* [ASSIGNED TASK]: From the first line of the data below, copy each line up to the one containing "(part 2 of 56)", and include that line too.

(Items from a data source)
◇ ◇ ◇ ◇
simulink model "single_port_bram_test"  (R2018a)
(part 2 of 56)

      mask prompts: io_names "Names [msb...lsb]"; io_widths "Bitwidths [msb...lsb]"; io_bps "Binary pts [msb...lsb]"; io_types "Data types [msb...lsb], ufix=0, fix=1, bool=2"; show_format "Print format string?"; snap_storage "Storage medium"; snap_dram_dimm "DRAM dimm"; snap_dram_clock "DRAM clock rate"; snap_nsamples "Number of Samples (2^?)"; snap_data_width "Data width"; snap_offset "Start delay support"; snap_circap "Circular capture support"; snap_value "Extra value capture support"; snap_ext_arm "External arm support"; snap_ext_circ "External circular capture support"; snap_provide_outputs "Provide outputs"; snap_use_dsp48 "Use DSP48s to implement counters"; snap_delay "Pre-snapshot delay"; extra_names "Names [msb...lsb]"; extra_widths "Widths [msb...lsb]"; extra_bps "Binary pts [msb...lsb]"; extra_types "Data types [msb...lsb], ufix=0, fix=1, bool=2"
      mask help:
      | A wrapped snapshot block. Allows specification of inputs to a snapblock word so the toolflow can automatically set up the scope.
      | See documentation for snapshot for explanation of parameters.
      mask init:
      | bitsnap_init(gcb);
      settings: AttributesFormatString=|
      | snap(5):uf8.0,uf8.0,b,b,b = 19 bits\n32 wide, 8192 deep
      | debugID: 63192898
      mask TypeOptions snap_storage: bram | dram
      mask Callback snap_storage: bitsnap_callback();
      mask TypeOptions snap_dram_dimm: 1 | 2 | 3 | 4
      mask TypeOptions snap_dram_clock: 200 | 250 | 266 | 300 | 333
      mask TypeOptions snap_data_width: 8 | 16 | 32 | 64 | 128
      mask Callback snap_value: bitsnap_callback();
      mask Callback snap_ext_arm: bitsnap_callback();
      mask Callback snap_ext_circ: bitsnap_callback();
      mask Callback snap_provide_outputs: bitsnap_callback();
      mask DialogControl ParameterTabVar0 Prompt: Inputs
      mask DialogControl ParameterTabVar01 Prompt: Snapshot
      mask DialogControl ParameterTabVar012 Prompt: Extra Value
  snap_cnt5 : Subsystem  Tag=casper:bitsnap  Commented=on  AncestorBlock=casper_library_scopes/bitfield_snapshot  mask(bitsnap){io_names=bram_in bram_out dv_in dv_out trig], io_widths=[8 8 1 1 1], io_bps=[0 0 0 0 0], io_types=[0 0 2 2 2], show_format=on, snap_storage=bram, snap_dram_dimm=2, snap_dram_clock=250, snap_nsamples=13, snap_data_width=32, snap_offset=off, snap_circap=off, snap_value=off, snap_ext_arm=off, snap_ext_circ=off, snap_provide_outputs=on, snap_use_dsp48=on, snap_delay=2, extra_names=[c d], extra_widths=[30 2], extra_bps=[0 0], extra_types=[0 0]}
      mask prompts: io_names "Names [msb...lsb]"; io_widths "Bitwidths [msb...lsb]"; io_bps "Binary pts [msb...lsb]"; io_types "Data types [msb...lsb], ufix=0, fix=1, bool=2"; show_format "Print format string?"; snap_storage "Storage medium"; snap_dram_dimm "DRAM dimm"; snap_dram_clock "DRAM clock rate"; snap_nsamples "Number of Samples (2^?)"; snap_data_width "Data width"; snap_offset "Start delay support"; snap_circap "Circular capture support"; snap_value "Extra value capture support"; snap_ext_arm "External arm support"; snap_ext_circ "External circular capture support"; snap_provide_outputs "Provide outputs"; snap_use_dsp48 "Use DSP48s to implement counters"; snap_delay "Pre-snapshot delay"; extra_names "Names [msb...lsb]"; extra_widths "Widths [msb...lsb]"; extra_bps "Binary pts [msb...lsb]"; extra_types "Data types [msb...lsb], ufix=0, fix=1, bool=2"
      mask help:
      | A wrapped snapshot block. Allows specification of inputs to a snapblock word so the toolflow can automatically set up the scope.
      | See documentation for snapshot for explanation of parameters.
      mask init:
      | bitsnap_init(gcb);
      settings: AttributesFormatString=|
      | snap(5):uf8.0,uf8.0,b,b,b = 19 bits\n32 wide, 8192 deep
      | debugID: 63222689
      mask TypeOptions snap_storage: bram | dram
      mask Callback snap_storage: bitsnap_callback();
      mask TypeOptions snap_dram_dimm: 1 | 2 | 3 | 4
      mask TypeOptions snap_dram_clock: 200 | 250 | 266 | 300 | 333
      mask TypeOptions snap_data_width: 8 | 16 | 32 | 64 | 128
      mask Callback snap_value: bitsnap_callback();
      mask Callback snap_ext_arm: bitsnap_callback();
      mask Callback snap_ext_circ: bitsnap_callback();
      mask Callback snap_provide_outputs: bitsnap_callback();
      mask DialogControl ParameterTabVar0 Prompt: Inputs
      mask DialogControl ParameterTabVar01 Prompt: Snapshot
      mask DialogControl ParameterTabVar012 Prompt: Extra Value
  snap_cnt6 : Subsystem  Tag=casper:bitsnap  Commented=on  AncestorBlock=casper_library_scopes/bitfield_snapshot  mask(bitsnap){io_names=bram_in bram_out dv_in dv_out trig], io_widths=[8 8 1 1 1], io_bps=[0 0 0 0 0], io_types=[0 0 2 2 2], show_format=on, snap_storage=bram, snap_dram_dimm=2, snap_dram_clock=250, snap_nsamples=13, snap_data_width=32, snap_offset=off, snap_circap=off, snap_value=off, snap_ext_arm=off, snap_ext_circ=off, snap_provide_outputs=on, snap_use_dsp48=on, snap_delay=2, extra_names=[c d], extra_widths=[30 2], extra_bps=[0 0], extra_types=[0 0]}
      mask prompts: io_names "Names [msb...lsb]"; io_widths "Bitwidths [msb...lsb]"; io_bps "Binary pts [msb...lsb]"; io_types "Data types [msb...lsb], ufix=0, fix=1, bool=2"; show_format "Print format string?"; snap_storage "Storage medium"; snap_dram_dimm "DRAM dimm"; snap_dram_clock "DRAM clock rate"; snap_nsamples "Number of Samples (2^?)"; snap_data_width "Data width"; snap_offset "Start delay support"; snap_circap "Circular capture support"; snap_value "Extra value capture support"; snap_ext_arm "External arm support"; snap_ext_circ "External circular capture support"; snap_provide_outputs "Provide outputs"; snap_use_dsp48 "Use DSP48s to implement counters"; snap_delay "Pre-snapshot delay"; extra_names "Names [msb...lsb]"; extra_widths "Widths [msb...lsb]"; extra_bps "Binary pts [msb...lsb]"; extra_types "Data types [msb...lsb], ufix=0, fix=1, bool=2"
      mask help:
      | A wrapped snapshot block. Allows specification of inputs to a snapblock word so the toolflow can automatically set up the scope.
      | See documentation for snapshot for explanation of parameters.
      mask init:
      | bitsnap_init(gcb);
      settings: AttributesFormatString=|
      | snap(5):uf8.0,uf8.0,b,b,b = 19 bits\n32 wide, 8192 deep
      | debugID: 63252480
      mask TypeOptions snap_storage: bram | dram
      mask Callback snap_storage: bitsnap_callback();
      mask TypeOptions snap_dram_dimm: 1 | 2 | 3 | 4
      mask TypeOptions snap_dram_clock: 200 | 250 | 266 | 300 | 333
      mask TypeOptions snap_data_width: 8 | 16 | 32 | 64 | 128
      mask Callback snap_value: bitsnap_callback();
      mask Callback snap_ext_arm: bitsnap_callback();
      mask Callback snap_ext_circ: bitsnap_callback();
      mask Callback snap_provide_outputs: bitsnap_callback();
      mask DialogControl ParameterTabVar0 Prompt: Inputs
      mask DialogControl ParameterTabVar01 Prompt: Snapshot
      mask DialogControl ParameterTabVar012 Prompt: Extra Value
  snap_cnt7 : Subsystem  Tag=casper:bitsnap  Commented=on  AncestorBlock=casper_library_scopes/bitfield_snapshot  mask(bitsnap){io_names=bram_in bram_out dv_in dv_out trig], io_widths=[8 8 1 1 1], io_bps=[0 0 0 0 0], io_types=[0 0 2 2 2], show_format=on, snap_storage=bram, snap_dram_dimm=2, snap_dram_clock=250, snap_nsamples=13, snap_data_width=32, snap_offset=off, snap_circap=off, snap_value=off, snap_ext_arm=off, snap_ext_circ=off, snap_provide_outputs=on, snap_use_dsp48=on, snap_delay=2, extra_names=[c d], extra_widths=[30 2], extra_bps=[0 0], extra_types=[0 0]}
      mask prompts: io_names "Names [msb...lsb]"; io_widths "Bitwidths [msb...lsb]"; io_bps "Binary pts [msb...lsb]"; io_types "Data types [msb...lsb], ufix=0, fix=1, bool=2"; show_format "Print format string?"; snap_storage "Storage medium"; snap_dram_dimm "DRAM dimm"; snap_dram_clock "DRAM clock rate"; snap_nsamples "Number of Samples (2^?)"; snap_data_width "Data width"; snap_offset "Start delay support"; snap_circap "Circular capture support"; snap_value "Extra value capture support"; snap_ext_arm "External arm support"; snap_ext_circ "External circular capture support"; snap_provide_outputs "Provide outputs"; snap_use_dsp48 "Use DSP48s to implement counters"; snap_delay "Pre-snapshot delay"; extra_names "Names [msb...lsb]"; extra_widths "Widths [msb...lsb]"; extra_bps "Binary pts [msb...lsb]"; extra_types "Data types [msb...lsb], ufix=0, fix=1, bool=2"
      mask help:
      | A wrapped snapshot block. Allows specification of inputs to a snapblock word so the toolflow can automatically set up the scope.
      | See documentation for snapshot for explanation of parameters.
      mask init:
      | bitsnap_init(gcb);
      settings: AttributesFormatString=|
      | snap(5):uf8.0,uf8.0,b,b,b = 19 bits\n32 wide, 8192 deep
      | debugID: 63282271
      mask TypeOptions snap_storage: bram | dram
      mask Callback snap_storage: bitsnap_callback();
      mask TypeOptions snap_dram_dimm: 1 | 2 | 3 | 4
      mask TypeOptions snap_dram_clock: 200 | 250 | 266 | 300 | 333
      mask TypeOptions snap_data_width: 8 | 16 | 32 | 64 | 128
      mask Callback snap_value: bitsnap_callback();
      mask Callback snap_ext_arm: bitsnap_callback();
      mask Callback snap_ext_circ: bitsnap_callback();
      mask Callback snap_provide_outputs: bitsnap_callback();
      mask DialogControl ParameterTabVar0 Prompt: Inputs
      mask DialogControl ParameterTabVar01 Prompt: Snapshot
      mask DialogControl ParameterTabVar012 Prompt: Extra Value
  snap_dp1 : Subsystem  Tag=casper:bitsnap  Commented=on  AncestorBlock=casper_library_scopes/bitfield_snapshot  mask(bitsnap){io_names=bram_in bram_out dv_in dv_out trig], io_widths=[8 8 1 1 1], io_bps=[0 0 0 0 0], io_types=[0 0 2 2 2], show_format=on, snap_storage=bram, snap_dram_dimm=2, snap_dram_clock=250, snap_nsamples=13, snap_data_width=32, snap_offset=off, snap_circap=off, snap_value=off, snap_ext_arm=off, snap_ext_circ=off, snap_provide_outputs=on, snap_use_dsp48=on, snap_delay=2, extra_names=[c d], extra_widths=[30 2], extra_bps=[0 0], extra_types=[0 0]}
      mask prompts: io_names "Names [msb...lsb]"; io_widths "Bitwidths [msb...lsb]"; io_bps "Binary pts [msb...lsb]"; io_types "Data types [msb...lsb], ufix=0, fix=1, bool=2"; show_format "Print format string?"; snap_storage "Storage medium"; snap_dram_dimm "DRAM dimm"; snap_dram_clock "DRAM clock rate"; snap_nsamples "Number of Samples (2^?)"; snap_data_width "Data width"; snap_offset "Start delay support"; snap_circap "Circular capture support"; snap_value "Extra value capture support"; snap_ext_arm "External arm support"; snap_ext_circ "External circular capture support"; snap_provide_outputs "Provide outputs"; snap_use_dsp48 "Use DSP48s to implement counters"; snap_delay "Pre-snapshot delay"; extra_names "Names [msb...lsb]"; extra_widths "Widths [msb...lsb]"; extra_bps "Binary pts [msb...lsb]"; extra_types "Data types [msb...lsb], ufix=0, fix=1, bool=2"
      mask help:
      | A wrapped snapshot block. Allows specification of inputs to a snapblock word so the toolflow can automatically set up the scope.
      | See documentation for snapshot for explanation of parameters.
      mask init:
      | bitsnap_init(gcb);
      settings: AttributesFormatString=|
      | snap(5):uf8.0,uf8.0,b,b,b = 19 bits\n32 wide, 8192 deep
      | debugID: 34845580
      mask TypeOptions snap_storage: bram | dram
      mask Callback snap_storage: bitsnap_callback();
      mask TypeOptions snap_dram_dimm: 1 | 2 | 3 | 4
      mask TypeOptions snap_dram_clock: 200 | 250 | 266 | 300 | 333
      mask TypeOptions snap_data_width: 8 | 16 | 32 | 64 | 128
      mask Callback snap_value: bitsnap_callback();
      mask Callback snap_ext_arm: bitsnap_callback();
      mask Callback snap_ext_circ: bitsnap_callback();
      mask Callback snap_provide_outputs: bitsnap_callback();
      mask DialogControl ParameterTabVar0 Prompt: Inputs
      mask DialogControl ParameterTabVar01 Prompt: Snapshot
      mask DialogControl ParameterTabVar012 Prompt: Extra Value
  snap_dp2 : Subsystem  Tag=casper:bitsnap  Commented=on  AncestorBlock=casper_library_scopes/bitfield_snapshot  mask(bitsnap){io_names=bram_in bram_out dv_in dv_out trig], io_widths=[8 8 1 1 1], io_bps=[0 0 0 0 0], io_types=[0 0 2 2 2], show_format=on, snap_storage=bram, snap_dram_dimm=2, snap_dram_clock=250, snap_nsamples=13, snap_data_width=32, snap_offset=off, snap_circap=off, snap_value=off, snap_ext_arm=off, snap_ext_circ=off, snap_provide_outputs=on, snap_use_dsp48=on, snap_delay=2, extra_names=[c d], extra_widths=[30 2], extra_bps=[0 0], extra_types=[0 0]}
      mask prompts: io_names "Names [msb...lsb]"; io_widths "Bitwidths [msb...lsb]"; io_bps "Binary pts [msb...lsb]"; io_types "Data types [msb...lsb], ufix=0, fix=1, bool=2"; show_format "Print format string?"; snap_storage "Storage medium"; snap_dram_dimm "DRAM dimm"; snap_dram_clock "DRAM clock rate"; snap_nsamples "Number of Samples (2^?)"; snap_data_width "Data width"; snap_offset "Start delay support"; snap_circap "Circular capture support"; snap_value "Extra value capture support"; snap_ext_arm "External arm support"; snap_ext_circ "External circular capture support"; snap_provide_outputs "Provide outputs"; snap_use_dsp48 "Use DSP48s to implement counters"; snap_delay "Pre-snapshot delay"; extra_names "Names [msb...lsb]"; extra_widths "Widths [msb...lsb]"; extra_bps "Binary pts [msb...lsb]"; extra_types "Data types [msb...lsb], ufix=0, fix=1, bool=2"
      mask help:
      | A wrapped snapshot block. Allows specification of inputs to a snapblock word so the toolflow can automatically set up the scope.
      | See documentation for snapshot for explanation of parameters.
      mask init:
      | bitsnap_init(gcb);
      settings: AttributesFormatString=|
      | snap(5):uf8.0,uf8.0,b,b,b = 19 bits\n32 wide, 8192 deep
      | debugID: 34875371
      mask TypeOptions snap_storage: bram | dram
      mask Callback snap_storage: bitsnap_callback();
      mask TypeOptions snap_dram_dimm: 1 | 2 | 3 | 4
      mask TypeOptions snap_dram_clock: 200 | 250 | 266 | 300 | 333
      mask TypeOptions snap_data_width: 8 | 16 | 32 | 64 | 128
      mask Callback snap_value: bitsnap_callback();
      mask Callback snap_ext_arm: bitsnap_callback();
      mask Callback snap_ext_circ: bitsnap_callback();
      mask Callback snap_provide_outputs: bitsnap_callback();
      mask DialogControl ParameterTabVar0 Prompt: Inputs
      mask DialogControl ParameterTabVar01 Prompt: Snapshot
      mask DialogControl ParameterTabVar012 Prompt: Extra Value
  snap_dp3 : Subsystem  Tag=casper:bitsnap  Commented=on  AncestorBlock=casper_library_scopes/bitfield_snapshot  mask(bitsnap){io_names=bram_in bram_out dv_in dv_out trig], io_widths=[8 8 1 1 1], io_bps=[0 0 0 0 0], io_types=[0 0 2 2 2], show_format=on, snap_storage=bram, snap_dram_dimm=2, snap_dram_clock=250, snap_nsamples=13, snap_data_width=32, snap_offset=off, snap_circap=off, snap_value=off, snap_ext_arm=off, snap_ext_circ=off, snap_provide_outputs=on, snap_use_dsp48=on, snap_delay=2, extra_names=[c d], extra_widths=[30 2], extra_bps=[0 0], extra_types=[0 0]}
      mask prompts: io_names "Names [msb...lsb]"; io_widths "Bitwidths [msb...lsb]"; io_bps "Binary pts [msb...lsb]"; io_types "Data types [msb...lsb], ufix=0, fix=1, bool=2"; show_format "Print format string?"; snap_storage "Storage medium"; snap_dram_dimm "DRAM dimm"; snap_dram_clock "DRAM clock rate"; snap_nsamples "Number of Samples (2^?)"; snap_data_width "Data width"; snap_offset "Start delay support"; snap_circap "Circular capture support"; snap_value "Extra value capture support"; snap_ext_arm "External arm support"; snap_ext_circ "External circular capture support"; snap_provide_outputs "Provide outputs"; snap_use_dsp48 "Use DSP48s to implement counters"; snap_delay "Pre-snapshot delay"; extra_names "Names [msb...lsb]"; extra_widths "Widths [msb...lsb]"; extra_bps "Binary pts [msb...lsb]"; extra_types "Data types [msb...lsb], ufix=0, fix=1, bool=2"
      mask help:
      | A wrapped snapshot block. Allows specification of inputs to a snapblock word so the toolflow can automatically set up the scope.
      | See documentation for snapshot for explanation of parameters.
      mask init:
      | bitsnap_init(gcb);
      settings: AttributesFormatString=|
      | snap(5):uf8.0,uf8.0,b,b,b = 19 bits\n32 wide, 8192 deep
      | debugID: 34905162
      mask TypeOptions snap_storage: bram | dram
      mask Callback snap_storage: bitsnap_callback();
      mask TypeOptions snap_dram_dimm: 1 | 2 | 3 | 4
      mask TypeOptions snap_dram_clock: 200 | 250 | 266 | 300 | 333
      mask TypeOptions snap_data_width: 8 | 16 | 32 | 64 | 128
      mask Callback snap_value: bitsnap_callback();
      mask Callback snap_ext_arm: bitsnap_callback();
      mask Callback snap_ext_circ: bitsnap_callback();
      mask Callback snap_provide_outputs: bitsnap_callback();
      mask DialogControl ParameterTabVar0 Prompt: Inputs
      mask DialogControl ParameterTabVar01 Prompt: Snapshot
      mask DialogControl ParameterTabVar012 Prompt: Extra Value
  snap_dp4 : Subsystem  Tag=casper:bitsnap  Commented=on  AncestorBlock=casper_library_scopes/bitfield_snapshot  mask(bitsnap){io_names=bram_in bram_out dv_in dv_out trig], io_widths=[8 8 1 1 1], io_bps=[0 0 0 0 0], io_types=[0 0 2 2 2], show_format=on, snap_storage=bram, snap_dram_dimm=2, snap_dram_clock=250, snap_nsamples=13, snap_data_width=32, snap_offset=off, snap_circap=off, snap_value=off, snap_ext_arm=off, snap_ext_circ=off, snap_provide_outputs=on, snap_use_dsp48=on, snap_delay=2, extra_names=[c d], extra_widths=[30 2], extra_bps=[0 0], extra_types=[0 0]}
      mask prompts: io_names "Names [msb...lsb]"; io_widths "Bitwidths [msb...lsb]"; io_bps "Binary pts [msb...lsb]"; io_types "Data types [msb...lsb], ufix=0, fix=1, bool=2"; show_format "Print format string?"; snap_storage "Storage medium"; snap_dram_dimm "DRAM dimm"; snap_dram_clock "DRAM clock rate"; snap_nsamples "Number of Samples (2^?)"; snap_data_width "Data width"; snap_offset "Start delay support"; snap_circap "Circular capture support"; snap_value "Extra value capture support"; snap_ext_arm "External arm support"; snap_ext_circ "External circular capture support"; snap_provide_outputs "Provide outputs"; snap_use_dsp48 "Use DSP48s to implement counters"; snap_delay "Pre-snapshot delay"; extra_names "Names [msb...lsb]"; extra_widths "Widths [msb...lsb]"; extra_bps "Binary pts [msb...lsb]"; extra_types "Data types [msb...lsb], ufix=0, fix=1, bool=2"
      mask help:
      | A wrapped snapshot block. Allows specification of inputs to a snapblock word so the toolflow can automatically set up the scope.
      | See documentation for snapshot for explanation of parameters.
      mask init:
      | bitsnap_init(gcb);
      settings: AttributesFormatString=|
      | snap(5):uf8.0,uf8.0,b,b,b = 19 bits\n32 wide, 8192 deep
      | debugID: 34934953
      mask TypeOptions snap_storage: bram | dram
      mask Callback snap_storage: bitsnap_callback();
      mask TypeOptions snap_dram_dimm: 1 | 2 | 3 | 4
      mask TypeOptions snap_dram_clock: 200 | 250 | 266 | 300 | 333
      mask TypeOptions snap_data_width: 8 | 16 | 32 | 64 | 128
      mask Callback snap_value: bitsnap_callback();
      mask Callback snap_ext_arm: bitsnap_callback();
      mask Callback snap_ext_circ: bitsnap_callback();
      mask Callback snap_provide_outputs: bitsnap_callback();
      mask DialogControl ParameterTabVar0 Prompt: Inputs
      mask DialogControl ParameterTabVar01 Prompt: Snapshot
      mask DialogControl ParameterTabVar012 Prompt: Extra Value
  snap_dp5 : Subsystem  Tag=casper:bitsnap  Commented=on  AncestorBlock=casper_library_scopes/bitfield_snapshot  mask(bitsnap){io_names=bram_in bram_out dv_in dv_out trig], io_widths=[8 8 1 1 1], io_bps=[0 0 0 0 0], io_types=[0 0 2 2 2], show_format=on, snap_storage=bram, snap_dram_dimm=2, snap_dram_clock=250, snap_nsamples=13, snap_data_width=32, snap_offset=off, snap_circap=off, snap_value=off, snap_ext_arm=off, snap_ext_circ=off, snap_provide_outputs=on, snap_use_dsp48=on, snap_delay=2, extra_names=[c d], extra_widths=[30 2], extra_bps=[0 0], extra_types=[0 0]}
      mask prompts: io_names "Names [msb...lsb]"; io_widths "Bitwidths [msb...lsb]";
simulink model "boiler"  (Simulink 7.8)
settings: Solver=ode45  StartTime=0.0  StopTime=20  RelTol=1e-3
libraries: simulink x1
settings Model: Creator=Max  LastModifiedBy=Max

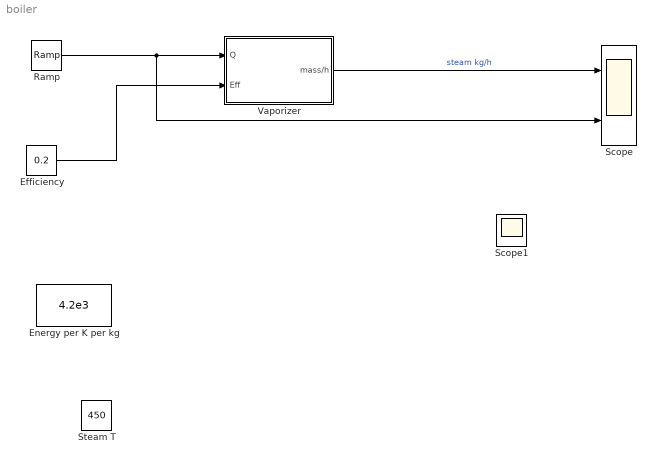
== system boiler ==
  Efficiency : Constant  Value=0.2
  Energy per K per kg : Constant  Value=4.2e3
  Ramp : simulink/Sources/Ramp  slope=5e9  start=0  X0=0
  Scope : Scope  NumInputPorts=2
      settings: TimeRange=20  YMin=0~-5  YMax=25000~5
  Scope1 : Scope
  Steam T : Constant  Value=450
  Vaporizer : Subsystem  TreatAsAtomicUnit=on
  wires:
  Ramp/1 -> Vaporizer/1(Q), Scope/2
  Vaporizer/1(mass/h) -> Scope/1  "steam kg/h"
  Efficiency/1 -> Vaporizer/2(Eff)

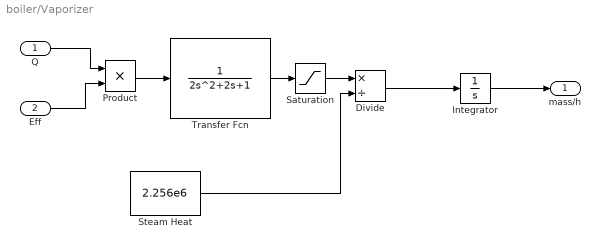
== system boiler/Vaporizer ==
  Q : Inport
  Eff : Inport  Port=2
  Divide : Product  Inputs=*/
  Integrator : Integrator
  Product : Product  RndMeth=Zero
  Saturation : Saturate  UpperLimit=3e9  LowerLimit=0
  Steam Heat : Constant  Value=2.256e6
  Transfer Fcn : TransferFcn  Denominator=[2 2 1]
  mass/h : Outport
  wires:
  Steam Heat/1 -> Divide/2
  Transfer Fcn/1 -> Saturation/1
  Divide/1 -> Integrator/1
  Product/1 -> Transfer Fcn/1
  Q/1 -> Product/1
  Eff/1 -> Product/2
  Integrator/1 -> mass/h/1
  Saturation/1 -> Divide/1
◇ ◇ ◇ ◇
* [EXPECTED ANSWER]:
simulink model "single_port_bram_test"  (R2018a)
(part 2 of 56)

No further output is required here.